The chemistry chatbot based on ChatGPT creates an interface for assisted literature searches.

“We’ve always been interested in simplifying and speeding up chemical synthesis,” says Omar Yaghi from the University of California, Berkeley, lead author of the study. The ChatGPT models mined the supporting information of hundreds of MOF papers, where information on synthesis is unstructured and sparse, often extended over hundreds of pages. Thus, “we developed a filtering strategy that excludes the least relevant sections—like references, crystal coordinates, acknowledgments—increasing the efficiency,” adds Yaghi.

Large language models, like ChatGPT, can be prone to what are called hallucinations. These are responses that seem correct, but aren’t. The team minimized the emergence of misleading affirmations with careful prompt engineering. “It’s a means of training ChatGPT,” says Yaghi. “We ensure the prompt contains information . . . to help improve the response.” This approach advises the algorithm to recognize uncertainty, rather than fabricating fake answers. For example, when asked about a MOF not present in the training database, the program will simply say: “I do not know.” Additionally, this iterative approach helps researchers get structured responses such as bulleted lists and step-by-step synthesis of many MOFs, which reference the correct sources.

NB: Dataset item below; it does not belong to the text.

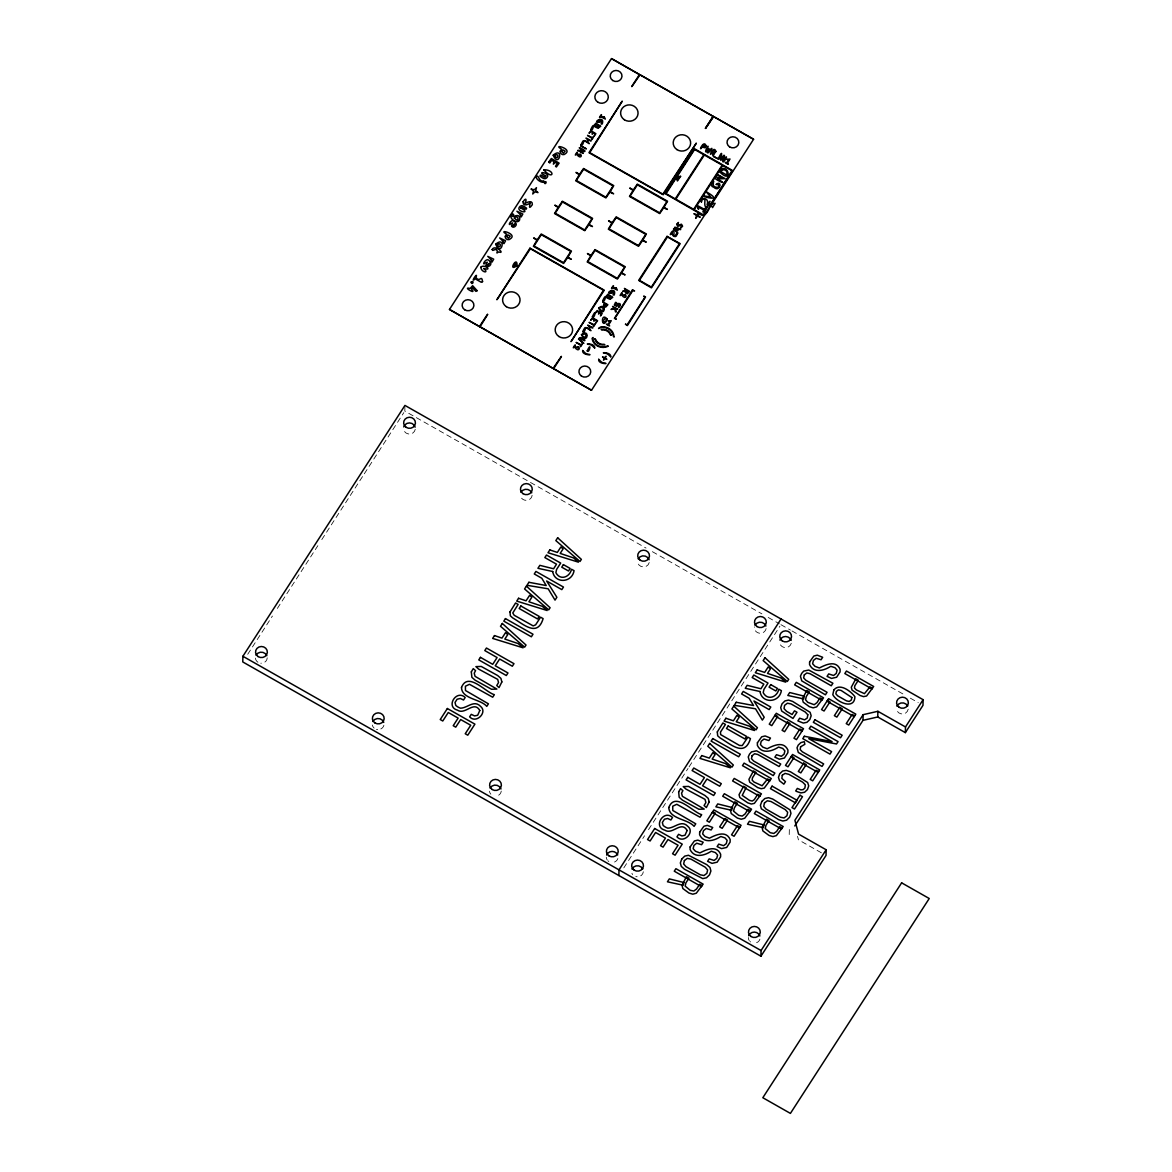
<?xml version="1.0" encoding="UTF-8"?>
<svg xmlns="http://www.w3.org/2000/svg" width="1172" height="1172" viewBox="0 0 1172 1172"><rect width="100%" height="100%" fill="white"/><g stroke="black" fill="none" stroke-linecap="round" stroke-linejoin="round"><path stroke-width="0.75" stroke-dasharray="5 3.75" d="M404.911 406.831L404.823 411.094L646.036 548.071M789.225 834.552L789.357 828.882M247.702 654.298L272.402 616.062M277.354 608.415L317.861 545.698M321.817 539.574L363.32 475.334M364.302 473.796L403.827 412.617M623.812 867.881L644.556 835.768M648.512 829.644L688.037 768.451M689.033 766.928L779.937 626.2M652.379 551.675L761.888 613.864M768.231 617.468L779.336 623.768M780.933 624.676L790.397 630.053M791.979 630.946L904.052 694.586M910.351 698.175L918.247 702.658M821.426 852.835L798.425 839.767L797.517 836.325M415.254 429.304A5.904 5.538 1.3 0 1 403.593 429.421M383.903 725.248A5.904 5.538 1.3 0 1 378.41 729.57M377.633 729.555A5.904 5.538 1.3 0 1 376.49 729.35M374.161 728.12A5.904 5.538 1.3 0 1 372.315 724.999M267.216 657.829A5.904 5.538 1.3 0 1 260.814 663.22M257.943 662.239A5.904 5.538 1.3 0 1 255.408 657.946M532.117 495.287A5.904 5.538 1.3 0 1 526.111 500.341A5.904 5.538 1.3 0 1 520.324 495.038M649.229 562.575A5.904 5.538 1.3 0 1 637.715 562.692M617.864 858.505A5.904 5.538 1.3 0 1 610.92 862.358M608.81 861.493A5.904 5.538 1.3 0 1 607.931 860.775M607.213 859.926A5.904 5.538 1.3 0 1 606.276 857.201M501.25 791.1A5.904 5.538 1.3 0 1 495.243 796.154M490.848 794.177A5.904 5.538 1.3 0 1 489.486 791.217M766.122 628.558A5.904 5.538 1.3 0 1 759.383 633.188A5.904 5.538 1.3 0 1 754.431 626.874M759.925 939.182A5.904 5.538 1.3 0 1 752.981 943.035M750.549 941.951A5.904 5.538 1.3 0 1 749.977 941.453M749.26 940.603A5.904 5.538 1.3 0 1 748.337 937.512M643.311 871.778A5.904 5.538 1.3 0 1 635.781 876.597M632.66 874.561A5.904 5.538 1.3 0 1 631.913 873.287M908.183 709.236A5.904 5.538 1.3 0 1 896.463 708.987M791.276 643.252A5.904 5.538 1.3 0 1 779.688 643.003"/><path stroke-width="1.5" d="M905.355 732.632L922.979 705.354L923.111 699.684L404.955 405.424L242.897 656.276L242.765 661.946L760.936 956.206L826.026 855.443L826.157 849.773L798.557 834.098L794.909 820.283L863.134 714.671L877.887 711.301L905.487 726.962L905.355 732.632L877.755 716.971L863.002 720.341L794.777 825.952M487.479 314.301L479.421 326.578L449.462 309.452L611.52 58.6L753.581 139.278L713.675 116.614L705.529 128.451M561.373 356.376L553.081 368.418L479.949 326.768M561.432 356.61L553.609 368.711L591.523 390.247L753.581 139.278M591.523 390.247L449.462 309.452M611.52 58.6L639.458 74.583L631.796 86.376M705.471 128.334L713.147 116.424L640.015 74.788L631.855 86.611M618.875 875.528L619.006 869.858L781.05 619.006M705.471 128.231L713.147 116.424M710.598 204.075L715.125 203.327L712.561 207.62L710.598 203.972L712.107 203.474M760.936 956.206L761.053 950.536L826.157 849.773M863.002 720.341L863.134 714.671M877.755 716.971L877.887 711.301M479.949 326.885L487.698 314.433M711.214 205.32L712.43 203.445M905.487 726.962L923.111 699.684M872.481 688.316L869.976 686.895L864.453 693.663L856.366 689.942L854.476 687.993L854.828 685.708L858.329 680.287L855.824 678.866L851.282 687.275L852.059 690.118L860.028 695.479L863.53 696.622L866.591 696.007L873.667 686.484L846.462 671.029L844.836 673.548L872.041 689.004M827.476 700.417L829.981 701.838L824.062 711.008L821.543 709.587L828.604 698.673L855.809 714.129L848.762 725.043L846.243 723.622L852.176 714.437L854.681 715.858M826.978 701.193L854.183 716.649M822.51 699.362L820.004 697.941L816.972 702.643L814.188 704.694L807.786 702.365L805.56 699.787L806.263 696.564L809.31 691.861L806.79 690.44L802.41 698.79L803.201 702.175L809.339 706.687L813.178 707.844L816.65 706.877L823.52 697.809L796.286 682.338L794.66 684.858L821.894 700.314M775.19 715.008L777.695 716.429L771.777 725.615L769.257 724.179L776.303 713.279L803.523 728.72L796.477 739.635L793.957 738.213L799.89 729.028L802.395 730.449M774.677 715.784L801.897 731.24M791.437 756.204L793.942 757.625L788.009 766.81L785.504 765.389L792.55 754.475L819.755 769.931L812.709 780.83L810.204 779.409L816.137 770.238L818.642 771.659M790.924 756.995L818.129 772.451M770.136 780.406L767.616 778.984L762.108 785.753L754.006 782.032L752.131 780.083L752.483 777.798L755.984 772.377L753.479 770.956L748.937 779.365L749.714 782.207L757.683 787.569L761.185 788.712L764.247 788.097L771.308 778.574L744.103 763.119L742.477 765.638L769.682 781.094M760.247 795.715L757.742 794.294L754.241 799.714L752.219 801.047L749.421 800.344L742.242 795.378L746.095 787.672L743.59 786.251L739.049 794.675L739.825 797.502L747.795 802.864L751.296 804.021L754.358 803.391L761.434 793.869L734.229 778.428L732.603 780.948L759.808 796.389M782.193 828.106L779.688 826.685L776.655 831.388L773.872 833.438L770.268 832.721L765.243 828.545L765.946 825.308L768.993 820.605L766.473 819.184L762.108 827.549L762.884 830.933L769.022 835.446L772.861 836.603L776.347 835.636L783.204 826.553L755.984 811.097L754.358 813.617L781.577 829.073M750.563 810.746L748.058 809.325L745.011 814.027L742.228 816.078L738.638 815.346L733.599 811.171L734.317 807.947L737.349 803.245L734.844 801.809L730.464 810.174L731.24 813.558L737.378 818.071L741.217 819.228L744.703 818.261L751.56 809.193L724.34 793.722L722.714 796.242L749.933 811.698M712.766 811.625L715.286 813.06L709.353 822.231L706.848 820.81L713.895 809.896L741.1 825.352L734.053 836.266L731.548 834.83L737.466 825.659L739.986 827.08M712.268 812.416L739.473 827.872M702.131 885.695L699.625 884.274L696.593 888.977L693.809 891.028L690.205 890.31L685.181 886.135L685.884 882.897L688.931 878.194L686.411 876.773L682.031 885.138L682.822 888.523L688.96 893.035L692.798 894.192L696.285 893.225L703.141 884.142L675.922 868.686L674.281 871.206L701.515 886.662M242.897 656.276L761.053 950.536M372.886 721.483A5.904 5.538 1.3 0 1 383.771 722.392M403.725 426.916A5.904 5.538 1.3 0 1 415.137 427.15M256.067 655.148A5.904 5.538 1.3 0 1 266.82 655.705M520.983 492.255A5.904 5.538 1.3 0 1 531.736 492.811M606.627 855.062A5.904 5.538 1.3 0 1 617.688 854.959M638.198 558.824A5.904 5.538 1.3 0 1 649.083 559.718M490.116 788.053A5.904 5.538 1.3 0 1 500.986 788.961M755.032 625.159A5.904 5.538 1.3 0 1 765.902 626.053M748.688 935.739A5.904 5.538 1.3 0 1 759.881 935.974M632.001 869.067A5.904 5.538 1.3 0 1 642.769 868.95M896.917 706.159A5.904 5.538 1.3 0 1 907.685 706.057M779.951 640.161A5.904 5.538 1.3 0 1 791.144 640.395M690.132 846.931L690.088 849.51C694.322 858.578 704.738 855.56 711.287 851.224L715.433 852.601L717.616 855.077L716.766 858.373L714.1 860.453L709.192 858.856L707.595 861.347L712.034 863.354L717.147 862.182L720.59 856.864L720.648 854.271C716.502 844.909 706.438 849.539 699.889 852.923L695.509 851.268L693.15 848.689L693.927 845.437L696.695 843.21L701.588 844.704L703.185 842.229L697.838 840.119L694.381 840.983L690.132 846.931M699.655 832.193L699.611 834.772C703.845 843.84 714.261 840.822 720.809 836.486L724.955 837.863L727.138 840.339L726.288 843.635L723.622 845.701L718.714 844.118L717.118 846.594L721.556 848.616L726.669 847.444L730.112 842.126L730.171 839.533C726.025 830.157 715.96 834.801 709.412 838.185L705.031 836.53L702.673 833.951L703.449 830.684L706.218 828.458L711.111 829.966L712.708 827.491L707.361 825.381L703.903 826.231L699.655 832.193M757.42 742.77L757.376 745.348C761.61 754.431 772.026 751.413 778.574 747.062L782.72 748.439L784.903 750.93L784.053 754.211L781.387 756.292L776.479 754.695L774.882 757.185L779.321 759.192L784.434 758.02L787.877 752.702L787.936 750.109C783.79 740.748 773.725 745.377 767.177 748.762L762.796 747.106L760.438 744.528L761.214 741.275L763.983 739.049L768.876 740.543L770.473 738.067L765.126 735.957L761.668 736.822L757.42 742.77M809.603 661.99L809.559 664.568C813.808 673.636 824.224 670.618 830.758 666.282L834.918 667.659L837.086 670.135L836.251 673.431L833.57 675.497L828.677 673.915L827.066 676.39L831.519 678.412L836.618 677.24L840.06 671.922L840.119 669.329C835.988 659.953 825.923 664.597 819.36 667.981L814.98 666.326L812.621 663.748L813.397 660.481L816.166 658.254L821.059 659.763L822.656 657.287L817.323 655.177L813.851 656.027L809.603 661.99M617.673 303.68L616.794 305.57L615.227 305.057L616.487 302.61L615.52 302.391L614.289 305.086L616.706 306.361L618.508 304.544L619.578 305.291C615.754 311.371 624.398 302.64 617.732 303.533M723.241 157.092C720.282 171.024 731.152 149.108 723.974 160.066C726.977 146.207 716.048 168.079 723.241 157.092M577.928 150.441L583.217 153.4L579.832 150.939C595.039 154.177 570.368 142.881 582.997 150.265L577.928 150.441M479.788 710.51L477.678 715.272L474.572 715.902L471.261 714.334L469.635 716.839C476.184 724.179 487.933 712.195 480.52 706.364C474.074 699.464 467.276 708.196 460.464 708.181A14.035 13.141 1.3 0 1 455.805 705.441L455.014 702.482L457.109 699.245L460.303 698.483L463.555 700.006L465.181 697.501C456.421 689.033 445.287 707.009 457.52 710.159C465.094 715.345 474.045 700.153 479.788 710.51M687.114 830.494L685.005 835.255L681.899 835.9L678.588 834.317L676.962 836.837C683.51 844.177 695.26 832.179 687.847 826.363C681.401 819.462 674.603 828.179 667.791 828.164A14.035 13.141 1.3 0 1 663.132 825.425L662.341 822.48L664.436 819.228L667.63 818.466L670.882 820.004L672.508 817.485C663.748 809.032 652.614 826.993 664.846 830.142C672.42 835.343 681.372 820.151 687.114 830.494M580.008 154.206L580.096 155.29L576.888 153.473C578.997 148.844 572.962 157.971 576.478 154.118C580.902 160.154 582.704 154.807 580.008 154.206M578.001 346.941L578.074 348.025L574.881 346.209C576.844 341.477 570.984 350.736 574.456 346.853C578.778 353.226 580.755 347.264 578.001 346.941M578.543 339.133C591.435 348.758 576.316 339.265 580.125 338.415C590.673 345.403 580.814 333.683 578.543 339.133M581.458 334.635C587.157 345.916 590.454 327.706 581.458 334.635M594.307 125.126L594.849 126.781L598.013 128.261L600.753 126.254L595.903 123.163L594.307 125.126M604.21 116.746L604.283 117.845L601.09 116.013C603.053 111.281 597.193 120.555 600.665 116.658L605.338 119.075L604.21 116.746M598.643 308.031C604.342 319.311 607.638 301.101 598.643 308.031M603.609 304.969L604.019 306.522L605.675 307.108L607.872 304.72L602.701 301.775L604.518 303.489L603.609 304.969M606.305 296.15L606.847 297.82L610.011 299.3L612.751 297.292L607.902 294.201L606.305 296.15M607.316 319.253C601.632 331.94 600.123 310.58 607.316 319.253M616.208 287.785L616.282 288.869L613.088 287.052C615.051 282.32 609.191 291.594 612.663 287.697L617.336 290.114L616.208 287.785M624.822 294.685L624.896 295.769L621.702 293.952C623.68 289.264 617.805 298.479 621.277 294.597C625.716 300.647 627.503 295.285 624.822 294.685M625.306 291.608L625.716 293.161L627.386 293.733L629.584 291.359L624.412 288.415L626.214 290.129L622.61 291.315L625.365 291.447M676.654 224.335L677.812 226.313L681.547 225.127L680.8 228.042L682.587 226.196L681.43 224.218L677.694 225.405L678.442 222.49L676.654 224.335M676.933 234.341C676.698 238.634 671.117 236.129 672.274 232.51C666.56 240.289 675.218 223.31 673.841 235.308C675.702 238.077 675.878 232.188 676.933 234.341M706.071 145.929L704.973 147.775L702.218 147.013C697.662 153.649 703.859 138.589 706.071 145.929M715.931 151.525C713.968 152.785 712.884 159.451 712.649 152.931L712.078 152.609C707.566 159.128 713.704 144.229 715.931 151.525M482.571 281.632L481.355 282.32L475.143 278.79C469.459 284.327 478.572 270.205 475.978 277.5C479.773 282.994 481.546 274.175 482.571 281.632M486.146 265.194C487.391 268.666 492.914 264.447 490.13 262.059C486.907 254.837 480.667 267.245 485.369 262.953L487.288 262.191L486.146 265.194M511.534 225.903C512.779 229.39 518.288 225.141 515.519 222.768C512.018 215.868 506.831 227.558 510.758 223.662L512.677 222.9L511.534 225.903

This process of curation could have taken a chemist months, but ChatGPT scans and registers synthetic procedures in a fraction of the time, says Yaghi. “It only takes one minute per paper.”

The team envisions researchers applying their publicly available ChatGPT model to other fields of chemistry, after training it with the relevant papers and datasets. Eventually, the chatbot could predict the outcome of chemical reactions, or propose potential synthetic routes leveraging its knowledge and understanding of the chemical space.